YOUR INSTRUCTIONS ▸
Please copy every line from the following entries in which the word "shape" appears.
-- Opening Marker --
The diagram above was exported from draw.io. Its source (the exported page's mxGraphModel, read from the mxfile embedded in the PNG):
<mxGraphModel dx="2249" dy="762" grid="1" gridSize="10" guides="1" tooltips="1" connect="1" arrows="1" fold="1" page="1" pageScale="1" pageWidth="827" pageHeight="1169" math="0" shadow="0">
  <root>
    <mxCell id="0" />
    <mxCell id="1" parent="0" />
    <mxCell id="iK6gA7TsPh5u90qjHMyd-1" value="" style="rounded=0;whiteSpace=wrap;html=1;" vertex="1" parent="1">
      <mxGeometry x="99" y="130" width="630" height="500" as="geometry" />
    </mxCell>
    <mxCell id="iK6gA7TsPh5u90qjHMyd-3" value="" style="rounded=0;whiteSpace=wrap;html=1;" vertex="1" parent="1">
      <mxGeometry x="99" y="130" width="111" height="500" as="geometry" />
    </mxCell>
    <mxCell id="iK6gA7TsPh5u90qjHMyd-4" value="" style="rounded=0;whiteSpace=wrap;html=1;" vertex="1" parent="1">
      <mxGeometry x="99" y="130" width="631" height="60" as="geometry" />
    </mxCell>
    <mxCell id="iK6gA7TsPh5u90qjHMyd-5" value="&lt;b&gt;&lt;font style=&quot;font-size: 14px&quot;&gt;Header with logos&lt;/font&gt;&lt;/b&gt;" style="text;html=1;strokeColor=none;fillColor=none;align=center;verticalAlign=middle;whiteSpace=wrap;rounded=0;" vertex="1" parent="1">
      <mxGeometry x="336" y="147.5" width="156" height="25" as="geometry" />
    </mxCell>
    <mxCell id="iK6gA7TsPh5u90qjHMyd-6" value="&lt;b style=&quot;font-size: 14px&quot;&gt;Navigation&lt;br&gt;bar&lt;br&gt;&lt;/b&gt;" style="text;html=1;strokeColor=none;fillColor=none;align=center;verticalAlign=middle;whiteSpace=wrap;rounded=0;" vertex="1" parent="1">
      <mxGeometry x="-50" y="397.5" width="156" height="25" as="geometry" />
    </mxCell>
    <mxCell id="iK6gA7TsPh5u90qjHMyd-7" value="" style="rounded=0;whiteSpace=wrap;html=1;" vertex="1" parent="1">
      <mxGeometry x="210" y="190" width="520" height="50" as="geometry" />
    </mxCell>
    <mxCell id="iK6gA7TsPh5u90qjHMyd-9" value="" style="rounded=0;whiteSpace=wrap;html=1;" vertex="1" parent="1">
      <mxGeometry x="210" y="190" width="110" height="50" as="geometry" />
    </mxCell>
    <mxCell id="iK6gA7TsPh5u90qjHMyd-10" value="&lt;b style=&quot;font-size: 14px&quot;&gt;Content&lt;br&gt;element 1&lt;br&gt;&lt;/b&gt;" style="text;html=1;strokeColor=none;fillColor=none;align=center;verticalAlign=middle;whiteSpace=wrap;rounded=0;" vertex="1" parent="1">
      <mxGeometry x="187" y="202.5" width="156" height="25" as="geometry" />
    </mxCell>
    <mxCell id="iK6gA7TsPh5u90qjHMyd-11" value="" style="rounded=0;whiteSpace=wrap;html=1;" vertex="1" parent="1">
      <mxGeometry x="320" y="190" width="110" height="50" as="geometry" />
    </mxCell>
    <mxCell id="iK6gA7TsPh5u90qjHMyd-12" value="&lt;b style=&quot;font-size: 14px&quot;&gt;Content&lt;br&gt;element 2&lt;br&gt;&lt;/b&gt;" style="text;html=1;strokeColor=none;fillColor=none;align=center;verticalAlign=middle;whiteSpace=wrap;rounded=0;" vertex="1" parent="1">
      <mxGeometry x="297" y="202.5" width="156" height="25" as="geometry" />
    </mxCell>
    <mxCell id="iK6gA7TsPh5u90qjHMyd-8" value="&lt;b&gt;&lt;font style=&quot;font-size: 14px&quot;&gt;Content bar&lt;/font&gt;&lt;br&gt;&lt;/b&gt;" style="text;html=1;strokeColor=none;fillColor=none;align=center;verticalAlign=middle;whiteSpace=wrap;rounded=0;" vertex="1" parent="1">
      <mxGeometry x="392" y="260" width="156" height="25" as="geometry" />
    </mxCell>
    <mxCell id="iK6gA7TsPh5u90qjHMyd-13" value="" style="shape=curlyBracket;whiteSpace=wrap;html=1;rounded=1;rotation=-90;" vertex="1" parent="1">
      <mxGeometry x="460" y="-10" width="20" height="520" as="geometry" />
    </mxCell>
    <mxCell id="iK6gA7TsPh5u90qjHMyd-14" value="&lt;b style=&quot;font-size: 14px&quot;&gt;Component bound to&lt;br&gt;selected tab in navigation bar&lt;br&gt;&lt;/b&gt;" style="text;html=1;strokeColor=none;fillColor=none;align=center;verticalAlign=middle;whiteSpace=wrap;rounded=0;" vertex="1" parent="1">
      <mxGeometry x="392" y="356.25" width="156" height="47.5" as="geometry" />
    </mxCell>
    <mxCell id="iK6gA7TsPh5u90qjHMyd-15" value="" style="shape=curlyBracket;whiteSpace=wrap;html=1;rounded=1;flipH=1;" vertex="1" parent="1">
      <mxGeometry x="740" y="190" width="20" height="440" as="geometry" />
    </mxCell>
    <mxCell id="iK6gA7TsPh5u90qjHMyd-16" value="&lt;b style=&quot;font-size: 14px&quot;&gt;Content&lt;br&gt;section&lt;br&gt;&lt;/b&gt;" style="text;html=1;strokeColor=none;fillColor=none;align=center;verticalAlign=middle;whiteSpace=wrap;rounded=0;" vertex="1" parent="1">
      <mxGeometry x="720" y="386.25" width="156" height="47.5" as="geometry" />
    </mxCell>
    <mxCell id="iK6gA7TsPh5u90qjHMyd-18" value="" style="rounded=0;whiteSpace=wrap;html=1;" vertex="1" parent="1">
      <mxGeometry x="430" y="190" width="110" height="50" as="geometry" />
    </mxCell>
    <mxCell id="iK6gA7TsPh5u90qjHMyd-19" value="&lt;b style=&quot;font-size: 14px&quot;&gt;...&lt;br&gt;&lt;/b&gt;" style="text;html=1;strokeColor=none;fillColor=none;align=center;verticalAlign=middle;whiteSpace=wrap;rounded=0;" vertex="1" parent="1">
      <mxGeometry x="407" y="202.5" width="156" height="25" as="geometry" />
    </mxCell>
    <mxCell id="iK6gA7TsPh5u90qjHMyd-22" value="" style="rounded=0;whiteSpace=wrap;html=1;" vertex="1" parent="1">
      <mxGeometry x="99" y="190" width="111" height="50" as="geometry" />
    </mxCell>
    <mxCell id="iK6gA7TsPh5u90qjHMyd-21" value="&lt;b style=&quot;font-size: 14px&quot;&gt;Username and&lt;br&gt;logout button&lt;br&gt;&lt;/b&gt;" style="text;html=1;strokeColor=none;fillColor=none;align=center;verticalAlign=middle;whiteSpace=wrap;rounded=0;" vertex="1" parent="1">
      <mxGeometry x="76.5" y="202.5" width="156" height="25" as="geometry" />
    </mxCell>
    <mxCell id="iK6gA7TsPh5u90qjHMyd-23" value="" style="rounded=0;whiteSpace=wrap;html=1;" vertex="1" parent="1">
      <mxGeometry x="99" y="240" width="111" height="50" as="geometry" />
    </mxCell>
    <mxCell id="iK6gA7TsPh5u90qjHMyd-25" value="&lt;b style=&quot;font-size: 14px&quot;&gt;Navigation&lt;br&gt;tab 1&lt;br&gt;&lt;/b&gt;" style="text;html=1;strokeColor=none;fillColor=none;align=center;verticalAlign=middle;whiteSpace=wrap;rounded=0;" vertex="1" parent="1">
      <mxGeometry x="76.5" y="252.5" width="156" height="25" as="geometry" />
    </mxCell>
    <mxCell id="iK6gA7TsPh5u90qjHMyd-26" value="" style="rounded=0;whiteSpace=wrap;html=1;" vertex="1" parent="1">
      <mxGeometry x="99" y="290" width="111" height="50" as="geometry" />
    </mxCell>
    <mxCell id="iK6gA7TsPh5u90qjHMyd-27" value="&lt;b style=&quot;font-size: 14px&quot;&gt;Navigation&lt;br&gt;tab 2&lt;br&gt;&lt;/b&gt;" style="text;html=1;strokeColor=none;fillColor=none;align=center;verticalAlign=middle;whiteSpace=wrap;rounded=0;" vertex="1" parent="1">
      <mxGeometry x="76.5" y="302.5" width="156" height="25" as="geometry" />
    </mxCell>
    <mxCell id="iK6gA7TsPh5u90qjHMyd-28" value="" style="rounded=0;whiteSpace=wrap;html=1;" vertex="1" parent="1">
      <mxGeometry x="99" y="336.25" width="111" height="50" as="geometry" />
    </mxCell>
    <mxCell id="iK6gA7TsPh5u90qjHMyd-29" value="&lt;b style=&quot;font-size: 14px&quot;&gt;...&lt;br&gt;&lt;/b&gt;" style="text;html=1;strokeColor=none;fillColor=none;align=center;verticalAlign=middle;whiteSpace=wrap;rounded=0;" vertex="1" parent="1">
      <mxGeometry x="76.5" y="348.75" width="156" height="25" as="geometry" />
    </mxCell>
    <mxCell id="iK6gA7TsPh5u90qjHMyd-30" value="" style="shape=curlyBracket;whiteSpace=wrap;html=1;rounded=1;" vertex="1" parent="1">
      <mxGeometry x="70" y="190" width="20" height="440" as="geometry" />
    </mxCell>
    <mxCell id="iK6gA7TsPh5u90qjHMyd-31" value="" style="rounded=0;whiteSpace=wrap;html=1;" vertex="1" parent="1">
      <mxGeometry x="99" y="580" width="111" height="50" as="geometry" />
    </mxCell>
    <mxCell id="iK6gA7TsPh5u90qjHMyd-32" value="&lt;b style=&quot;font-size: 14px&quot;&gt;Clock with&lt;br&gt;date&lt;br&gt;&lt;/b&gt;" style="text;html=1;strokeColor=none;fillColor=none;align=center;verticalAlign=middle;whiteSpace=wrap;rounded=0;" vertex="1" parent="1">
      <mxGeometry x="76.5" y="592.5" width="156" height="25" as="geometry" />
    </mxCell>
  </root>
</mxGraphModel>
-- Closing Marker --
ANSWER TO THIS TASK ▸
    <mxCell id="iK6gA7TsPh5u90qjHMyd-13" value="" style="shape=curlyBracket;whiteSpace=wrap;html=1;rounded=1;rotation=-90;" vertex="1" parent="1">
    <mxCell id="iK6gA7TsPh5u90qjHMyd-15" value="" style="shape=curlyBracket;whiteSpace=wrap;html=1;rounded=1;flipH=1;" vertex="1" parent="1">
    <mxCell id="iK6gA7TsPh5u90qjHMyd-30" value="" style="shape=curlyBracket;whiteSpace=wrap;html=1;rounded=1;" vertex="1" parent="1">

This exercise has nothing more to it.